Share your favorite song, via youtube!


----------



## Angela (Nov 2, 2008)

I like all kinds of music except for Rap. Still listen to a lot of *oldie* especially late 60's to early 70's. I will have to get back with you later with actual songs.


----------



## Mikuto (Oct 30, 2008)

Here's a starter, I'm a huge fan of the one hit wonder band "Marcy Playground". They're best known for their hit Sex and Candy, then they basically dropped off of the face of the earth. I love the vocalist, John Wozniak, however, so I followed the band until they broke.

Here's a couple of my favorites. These might not be to everyone's taste, but they're worth sharing.

Opium





No One's Boy


----------



## chobitz (Nov 25, 2008)

Jeff Buckley's- Hallelujah





Evanescance's- My Immortal





Bonnie Raitt's -i cant make you love me





Those are the ones right off the top of my head.


----------



## Guest (Dec 19, 2008)

God I hate YouTube!!!!!!!!!!!!!

That being said, I turned a number of people at the last forum I frequented on to the Jeff Buckley.  It is by far my favorite version of this much-covered song, including Leonard Cohen's original.


----------



## Mikuto (Oct 30, 2008)

I'm no fan of youtube either, but it is a way to embed a song without uploading it to a filesharing site. *Shrug*. 

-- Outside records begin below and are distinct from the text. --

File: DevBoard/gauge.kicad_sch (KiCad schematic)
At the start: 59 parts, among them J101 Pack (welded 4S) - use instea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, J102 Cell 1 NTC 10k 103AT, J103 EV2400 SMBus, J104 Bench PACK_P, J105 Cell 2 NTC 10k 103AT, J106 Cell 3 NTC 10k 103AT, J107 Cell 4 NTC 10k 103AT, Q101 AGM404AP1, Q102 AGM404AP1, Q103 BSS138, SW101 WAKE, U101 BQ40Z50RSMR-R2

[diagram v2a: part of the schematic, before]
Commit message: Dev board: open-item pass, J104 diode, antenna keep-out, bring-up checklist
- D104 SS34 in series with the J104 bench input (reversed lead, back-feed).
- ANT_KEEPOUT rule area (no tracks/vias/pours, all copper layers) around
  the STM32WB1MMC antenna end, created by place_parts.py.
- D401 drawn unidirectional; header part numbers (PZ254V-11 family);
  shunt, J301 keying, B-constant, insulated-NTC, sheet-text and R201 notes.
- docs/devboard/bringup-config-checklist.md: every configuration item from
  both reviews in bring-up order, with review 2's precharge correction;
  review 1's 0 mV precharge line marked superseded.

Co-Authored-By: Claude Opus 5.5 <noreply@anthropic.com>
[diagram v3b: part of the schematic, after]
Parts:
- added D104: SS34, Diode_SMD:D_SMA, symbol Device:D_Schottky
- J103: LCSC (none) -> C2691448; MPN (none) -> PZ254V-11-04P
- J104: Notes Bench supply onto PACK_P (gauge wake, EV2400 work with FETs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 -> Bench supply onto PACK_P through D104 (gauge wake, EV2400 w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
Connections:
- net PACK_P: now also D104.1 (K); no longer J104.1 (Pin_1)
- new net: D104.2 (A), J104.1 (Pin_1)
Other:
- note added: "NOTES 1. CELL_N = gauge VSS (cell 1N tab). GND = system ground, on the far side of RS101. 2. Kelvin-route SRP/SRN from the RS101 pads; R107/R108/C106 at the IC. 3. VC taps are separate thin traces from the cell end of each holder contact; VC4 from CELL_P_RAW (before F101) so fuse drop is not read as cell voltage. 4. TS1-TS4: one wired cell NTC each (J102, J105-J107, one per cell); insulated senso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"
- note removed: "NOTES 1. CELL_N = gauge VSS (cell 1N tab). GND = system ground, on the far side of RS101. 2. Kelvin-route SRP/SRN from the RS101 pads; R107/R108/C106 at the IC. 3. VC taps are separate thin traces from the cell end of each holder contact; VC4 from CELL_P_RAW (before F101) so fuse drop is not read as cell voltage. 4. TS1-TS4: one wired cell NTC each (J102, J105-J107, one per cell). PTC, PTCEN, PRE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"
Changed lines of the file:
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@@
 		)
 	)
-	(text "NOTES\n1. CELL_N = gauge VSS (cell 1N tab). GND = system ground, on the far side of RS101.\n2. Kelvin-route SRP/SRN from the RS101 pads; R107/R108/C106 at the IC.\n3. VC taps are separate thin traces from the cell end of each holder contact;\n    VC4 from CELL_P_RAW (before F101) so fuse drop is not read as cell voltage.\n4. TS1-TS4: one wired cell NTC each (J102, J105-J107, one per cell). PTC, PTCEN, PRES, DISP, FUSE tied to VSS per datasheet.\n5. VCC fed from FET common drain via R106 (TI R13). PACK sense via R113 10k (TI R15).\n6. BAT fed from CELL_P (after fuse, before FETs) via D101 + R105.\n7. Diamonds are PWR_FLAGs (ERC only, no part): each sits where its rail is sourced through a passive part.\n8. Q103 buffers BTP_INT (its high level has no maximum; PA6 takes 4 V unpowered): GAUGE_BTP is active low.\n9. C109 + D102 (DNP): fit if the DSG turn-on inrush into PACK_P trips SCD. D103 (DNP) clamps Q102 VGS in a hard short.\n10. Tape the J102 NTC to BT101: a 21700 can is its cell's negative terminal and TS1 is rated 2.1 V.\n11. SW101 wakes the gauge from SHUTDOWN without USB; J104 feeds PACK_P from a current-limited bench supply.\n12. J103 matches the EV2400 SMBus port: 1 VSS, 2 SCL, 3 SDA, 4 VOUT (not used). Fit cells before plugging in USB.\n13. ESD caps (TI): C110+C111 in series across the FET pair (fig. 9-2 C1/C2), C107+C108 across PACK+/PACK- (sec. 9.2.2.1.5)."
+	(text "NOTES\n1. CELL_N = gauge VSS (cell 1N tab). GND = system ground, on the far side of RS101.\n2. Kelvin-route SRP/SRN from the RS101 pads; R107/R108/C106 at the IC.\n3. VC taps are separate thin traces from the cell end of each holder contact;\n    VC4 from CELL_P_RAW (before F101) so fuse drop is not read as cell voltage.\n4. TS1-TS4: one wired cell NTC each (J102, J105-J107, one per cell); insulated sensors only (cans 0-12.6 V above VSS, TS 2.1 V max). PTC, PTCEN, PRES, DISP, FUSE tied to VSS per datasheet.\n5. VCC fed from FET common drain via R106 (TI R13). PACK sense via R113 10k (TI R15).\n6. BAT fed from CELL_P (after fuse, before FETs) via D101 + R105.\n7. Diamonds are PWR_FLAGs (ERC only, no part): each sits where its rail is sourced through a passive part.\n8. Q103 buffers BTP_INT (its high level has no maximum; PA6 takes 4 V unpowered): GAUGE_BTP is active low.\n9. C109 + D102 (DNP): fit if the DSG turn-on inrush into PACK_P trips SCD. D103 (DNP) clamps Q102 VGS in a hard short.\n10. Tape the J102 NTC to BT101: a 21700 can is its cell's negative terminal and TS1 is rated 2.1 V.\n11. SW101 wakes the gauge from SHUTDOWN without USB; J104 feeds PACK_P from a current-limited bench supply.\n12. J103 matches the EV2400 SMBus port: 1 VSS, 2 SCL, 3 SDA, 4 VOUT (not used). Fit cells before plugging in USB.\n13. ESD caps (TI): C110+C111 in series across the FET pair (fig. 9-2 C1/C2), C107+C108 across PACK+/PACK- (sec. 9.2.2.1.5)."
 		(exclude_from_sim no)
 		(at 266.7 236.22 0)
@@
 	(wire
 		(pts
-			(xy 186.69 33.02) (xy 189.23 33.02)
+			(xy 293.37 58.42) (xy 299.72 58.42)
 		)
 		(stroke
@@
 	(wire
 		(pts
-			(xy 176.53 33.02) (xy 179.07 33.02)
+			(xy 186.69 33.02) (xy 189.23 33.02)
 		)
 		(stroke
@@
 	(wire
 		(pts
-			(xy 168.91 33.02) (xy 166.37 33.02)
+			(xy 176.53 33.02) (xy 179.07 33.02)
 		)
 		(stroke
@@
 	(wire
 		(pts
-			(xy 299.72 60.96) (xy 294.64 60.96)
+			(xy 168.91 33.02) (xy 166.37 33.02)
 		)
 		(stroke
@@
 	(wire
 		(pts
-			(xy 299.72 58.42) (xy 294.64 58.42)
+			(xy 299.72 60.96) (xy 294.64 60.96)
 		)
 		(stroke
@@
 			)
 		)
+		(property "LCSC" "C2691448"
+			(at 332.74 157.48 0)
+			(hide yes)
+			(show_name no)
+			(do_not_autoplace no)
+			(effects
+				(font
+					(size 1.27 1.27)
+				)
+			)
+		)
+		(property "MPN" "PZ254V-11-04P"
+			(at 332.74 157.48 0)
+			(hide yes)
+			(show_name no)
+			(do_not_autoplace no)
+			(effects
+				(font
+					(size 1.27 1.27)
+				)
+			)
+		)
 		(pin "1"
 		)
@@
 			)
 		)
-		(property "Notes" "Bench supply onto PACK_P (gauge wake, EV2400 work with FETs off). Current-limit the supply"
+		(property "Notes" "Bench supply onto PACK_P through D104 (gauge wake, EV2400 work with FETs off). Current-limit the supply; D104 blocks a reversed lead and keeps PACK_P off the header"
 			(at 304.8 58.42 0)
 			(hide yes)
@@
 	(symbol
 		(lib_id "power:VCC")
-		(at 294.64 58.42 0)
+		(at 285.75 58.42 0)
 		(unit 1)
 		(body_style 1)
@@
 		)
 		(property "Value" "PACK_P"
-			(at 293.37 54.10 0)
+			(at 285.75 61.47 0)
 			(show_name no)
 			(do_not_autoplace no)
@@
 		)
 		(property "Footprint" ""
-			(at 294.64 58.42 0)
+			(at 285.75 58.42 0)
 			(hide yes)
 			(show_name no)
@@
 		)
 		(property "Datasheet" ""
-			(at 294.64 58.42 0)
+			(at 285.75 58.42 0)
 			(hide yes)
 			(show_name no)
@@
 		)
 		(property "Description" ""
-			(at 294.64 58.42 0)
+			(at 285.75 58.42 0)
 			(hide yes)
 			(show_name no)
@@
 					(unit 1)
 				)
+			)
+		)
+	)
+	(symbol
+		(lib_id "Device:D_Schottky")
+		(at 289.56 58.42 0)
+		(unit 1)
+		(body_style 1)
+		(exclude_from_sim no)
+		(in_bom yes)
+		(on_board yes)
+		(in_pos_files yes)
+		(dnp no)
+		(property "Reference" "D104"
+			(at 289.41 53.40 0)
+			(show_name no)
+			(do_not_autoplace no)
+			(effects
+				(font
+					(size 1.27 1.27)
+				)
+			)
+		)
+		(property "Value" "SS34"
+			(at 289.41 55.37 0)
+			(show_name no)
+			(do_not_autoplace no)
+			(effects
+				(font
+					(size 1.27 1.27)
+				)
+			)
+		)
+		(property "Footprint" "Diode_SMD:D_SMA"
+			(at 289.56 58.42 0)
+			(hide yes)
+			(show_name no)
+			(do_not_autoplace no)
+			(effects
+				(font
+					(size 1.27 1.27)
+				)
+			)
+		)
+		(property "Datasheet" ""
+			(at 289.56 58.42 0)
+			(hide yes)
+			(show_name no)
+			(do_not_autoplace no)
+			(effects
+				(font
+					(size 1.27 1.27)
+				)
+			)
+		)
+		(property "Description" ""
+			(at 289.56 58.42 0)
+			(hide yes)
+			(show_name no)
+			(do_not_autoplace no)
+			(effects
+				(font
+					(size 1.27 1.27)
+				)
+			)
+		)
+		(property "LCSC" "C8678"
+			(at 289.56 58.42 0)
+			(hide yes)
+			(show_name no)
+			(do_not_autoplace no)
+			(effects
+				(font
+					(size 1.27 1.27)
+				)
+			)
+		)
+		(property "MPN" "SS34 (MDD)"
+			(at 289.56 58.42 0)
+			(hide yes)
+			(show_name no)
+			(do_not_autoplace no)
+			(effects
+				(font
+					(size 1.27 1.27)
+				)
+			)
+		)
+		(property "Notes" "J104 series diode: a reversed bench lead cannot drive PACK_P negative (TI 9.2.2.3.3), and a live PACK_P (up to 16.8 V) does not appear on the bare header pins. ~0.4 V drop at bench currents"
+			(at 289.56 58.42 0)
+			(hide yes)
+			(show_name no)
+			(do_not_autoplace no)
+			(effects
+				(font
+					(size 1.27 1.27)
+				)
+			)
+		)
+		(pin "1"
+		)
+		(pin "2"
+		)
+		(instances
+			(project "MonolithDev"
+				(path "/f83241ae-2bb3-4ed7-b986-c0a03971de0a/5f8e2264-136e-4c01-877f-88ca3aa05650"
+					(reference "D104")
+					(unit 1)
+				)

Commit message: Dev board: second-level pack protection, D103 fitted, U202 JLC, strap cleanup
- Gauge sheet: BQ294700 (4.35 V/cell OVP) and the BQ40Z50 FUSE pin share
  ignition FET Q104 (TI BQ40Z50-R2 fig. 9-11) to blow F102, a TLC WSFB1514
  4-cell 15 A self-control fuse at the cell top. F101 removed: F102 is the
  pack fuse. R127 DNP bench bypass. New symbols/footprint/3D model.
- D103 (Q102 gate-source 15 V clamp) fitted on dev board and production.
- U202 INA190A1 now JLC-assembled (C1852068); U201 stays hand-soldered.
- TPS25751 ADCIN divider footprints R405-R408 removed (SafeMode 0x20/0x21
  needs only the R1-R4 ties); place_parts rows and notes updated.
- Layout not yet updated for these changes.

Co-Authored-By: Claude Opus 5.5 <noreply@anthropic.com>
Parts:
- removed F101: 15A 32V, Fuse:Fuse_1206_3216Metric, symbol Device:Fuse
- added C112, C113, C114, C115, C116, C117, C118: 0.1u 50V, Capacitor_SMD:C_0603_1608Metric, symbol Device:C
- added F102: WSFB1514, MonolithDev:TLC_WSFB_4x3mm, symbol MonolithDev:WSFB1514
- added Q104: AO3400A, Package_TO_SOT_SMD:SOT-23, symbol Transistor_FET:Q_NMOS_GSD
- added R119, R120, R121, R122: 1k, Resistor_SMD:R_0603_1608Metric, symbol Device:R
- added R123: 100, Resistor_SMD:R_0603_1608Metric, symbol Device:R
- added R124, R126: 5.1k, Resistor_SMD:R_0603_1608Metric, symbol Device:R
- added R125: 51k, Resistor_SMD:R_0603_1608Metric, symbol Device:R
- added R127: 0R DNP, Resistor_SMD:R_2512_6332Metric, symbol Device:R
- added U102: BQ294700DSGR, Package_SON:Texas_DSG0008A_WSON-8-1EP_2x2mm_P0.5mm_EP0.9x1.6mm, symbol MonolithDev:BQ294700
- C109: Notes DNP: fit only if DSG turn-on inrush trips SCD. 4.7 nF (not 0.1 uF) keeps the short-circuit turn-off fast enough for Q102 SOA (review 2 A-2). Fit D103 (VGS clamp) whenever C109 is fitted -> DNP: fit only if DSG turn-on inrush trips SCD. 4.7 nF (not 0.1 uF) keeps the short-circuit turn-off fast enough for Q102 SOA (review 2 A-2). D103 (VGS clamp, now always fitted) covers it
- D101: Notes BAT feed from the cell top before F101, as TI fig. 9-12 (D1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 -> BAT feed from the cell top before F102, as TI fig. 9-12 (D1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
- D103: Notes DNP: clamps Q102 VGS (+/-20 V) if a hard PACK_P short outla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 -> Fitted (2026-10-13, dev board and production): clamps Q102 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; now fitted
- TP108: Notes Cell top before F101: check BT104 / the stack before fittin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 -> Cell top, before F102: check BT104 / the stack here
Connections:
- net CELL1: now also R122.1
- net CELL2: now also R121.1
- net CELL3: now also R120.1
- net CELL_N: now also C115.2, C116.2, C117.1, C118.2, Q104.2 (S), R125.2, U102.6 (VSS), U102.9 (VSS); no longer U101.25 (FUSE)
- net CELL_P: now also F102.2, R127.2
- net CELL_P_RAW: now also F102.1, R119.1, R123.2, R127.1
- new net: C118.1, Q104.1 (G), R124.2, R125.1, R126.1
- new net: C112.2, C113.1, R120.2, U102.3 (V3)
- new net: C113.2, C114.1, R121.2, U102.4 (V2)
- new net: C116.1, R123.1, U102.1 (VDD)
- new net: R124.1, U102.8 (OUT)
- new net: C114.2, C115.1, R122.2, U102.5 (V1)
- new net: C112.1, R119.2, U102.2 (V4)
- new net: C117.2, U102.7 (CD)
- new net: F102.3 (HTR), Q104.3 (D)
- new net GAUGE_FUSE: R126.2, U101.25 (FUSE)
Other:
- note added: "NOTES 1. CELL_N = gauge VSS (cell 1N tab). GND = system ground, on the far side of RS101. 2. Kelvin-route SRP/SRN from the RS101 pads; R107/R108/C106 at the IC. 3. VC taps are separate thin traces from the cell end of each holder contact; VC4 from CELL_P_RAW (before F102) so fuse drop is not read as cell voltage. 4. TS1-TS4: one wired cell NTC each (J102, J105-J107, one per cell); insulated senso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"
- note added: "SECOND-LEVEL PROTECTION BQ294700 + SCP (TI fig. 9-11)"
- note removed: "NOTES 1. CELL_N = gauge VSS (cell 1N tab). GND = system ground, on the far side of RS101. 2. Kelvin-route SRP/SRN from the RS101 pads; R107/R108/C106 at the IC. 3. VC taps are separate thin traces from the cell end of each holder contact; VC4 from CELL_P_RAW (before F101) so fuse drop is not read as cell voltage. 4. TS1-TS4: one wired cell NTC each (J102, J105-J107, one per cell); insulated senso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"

I love that Jeff Buckley song, but as for H.I.M. I'd have to say Buried Alive by Love or Vampire Heart as my favorite. Oh oh! And Prelude to Tragedy (I Love You).


----------



## chobitz (Nov 25, 2008)

Bacardi Jim said:


> God I hate YouTube!!!!!!!!!!!!!
> 
> That being said, I turned a number of people at the last forum I frequented on to the Jeff Buckley. It is by far my favorite version of this much-covered song, including Leonard Cohen's original.


Grrr I just noticed that.. I'll edit it and get friendly versions.


----------



## tessa (Nov 1, 2008)

My life is like a beach boys album 

I went form  FUN FUN FUN to GO GRANNY GO.


----------



## Mikuto (Oct 30, 2008)

Another favorite.

Elliott Smith - Waltz #2.


----------



## Guest (Dec 19, 2008)

chobitz said:


> Grrr I just noticed that.. I'll edit it and get friendly versions.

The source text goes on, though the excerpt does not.